Сергей поднял голову и посмотрел на стоящего перед ним штабс-капитана. "Но, однако же, вмешиваться не стал," - закончил он про себя. Штабс-капитан, между тем, опустился рядом с ним на землю.
- Это все бессмысленно, поручик. Солдат теперь уже ничто не удержит. Слышали? "Новая жизнь" у них настает. У них, значит, новая начинается, а у нас, похоже, старая заканчивается. Погибнуть от вражеской пули дело честное, житейское, но от рук своих же солдат... - штабс-капитан сокрушенно покачал головой. - Мерзавцы, каковы мерзавцы! Раньше за такое без суда расстреливали!
- Вот и дорасстреливались, - горько заметил Сергей.
- Слыхали, что произошло у артиллеристов в полку? - словно не слыша его, продолжал собеседник. - Капитана Яблокова солдаты его роты штыками закололи только за то, что он двух пойманных дезертиров приказал в карцер посадить. А вы братания останавливаться кидаетесь, Сергей Алексеич. Да черт с ними! Пусть идут. Всё одно, не армия, а балаган какой-то!
- А что командование артиллерийское?
- По поводу Яблокова-то? Да ничего! Что они могут сделать?! Полковник, как узнал об этом, дал шпоры коню и до самого штаба так тремя крестами и вышивал*. Теперь оттуда приказы шлёт, которые никто не исполняет.
Сергей только головой покачал и вновь пристально посмотрел на "Маузер". Штабс-капитан перехватил его взгляд и, кивнув головой, проговорил:
- Я тоже уже думал об этом. Но пока остается хоть какая-то надежда на восстановление порядка, на то, что хотя бы в армии все останется по-старому...
- Не останется, Григорий Романович. Уже поздно. Тот момент, когда все это, - Сергей махнул рукой в сторону беспечно распивающих водку и обнимающихся с противником солдат, - еще можно было остановить, давно упущен. Нельзя обрубить судну якоря, а потом клясть ветер за то, что уносит корабль прочь.

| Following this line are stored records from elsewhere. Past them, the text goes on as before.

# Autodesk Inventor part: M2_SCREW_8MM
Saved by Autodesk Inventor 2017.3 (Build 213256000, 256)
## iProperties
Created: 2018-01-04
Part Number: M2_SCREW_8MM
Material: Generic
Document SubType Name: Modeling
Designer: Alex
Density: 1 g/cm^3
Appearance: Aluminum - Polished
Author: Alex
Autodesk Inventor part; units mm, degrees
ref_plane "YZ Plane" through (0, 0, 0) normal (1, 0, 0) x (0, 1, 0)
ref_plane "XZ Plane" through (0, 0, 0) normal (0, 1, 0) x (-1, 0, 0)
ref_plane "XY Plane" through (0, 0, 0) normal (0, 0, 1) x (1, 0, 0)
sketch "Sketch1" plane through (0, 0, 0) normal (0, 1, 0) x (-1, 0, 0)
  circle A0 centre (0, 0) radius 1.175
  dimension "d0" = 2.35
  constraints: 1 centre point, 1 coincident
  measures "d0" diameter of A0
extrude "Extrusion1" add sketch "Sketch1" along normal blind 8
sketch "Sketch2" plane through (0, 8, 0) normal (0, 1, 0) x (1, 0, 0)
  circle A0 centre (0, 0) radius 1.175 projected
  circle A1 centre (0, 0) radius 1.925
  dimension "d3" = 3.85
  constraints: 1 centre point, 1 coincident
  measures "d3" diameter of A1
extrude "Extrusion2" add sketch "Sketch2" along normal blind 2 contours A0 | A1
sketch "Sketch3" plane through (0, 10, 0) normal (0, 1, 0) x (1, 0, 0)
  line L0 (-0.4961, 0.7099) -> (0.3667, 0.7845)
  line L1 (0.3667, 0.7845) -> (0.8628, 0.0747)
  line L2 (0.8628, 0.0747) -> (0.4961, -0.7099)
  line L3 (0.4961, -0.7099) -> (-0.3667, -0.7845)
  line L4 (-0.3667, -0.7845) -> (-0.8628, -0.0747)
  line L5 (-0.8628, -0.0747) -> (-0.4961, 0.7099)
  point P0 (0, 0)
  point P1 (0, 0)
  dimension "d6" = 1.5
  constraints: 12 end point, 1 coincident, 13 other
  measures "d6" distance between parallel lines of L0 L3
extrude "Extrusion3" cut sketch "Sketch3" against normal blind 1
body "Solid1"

- Эко вас на философский лад повело, - его собеседник покачал головой и, поднявшись на ноги, выглянул из-за бруствера. - Ну что ж, поживем, увидим. Кажется, братание завершается: водка, видать, закончилась. Пойду я от греха подальше. Вы со мной? Ну как знаете, поручик.
Сергей поглядел в спину уходящему штабс-капитану, а потом поднял взгляд к пасмурному небу, с которого уже начинали срываться первые капли дождя. Резкие порывы ветра обжигали лицо, заставляя щурить слезящиеся глаза, трепали полы шинели и все норовили сорвать с головы фуражку. Возвращающиеся в свои окопы солдаты проходили мимо, а Сергей все сидел и думал о том, что принесет ему этот холодный весенний ветер 1917 года.
------------------------------
* Аллюр "три креста" - В армии галоп носил неофициальное название "аллюр три креста". Когда командир вручал посыльному пакет, на нем указывалось время отправления в часах и минутах, а также - указание, с какой скоростью донесение следует доставить. Это символически обозначалось при помощи креста. Незамедлительный галоп обозначался тремя крестами (+++).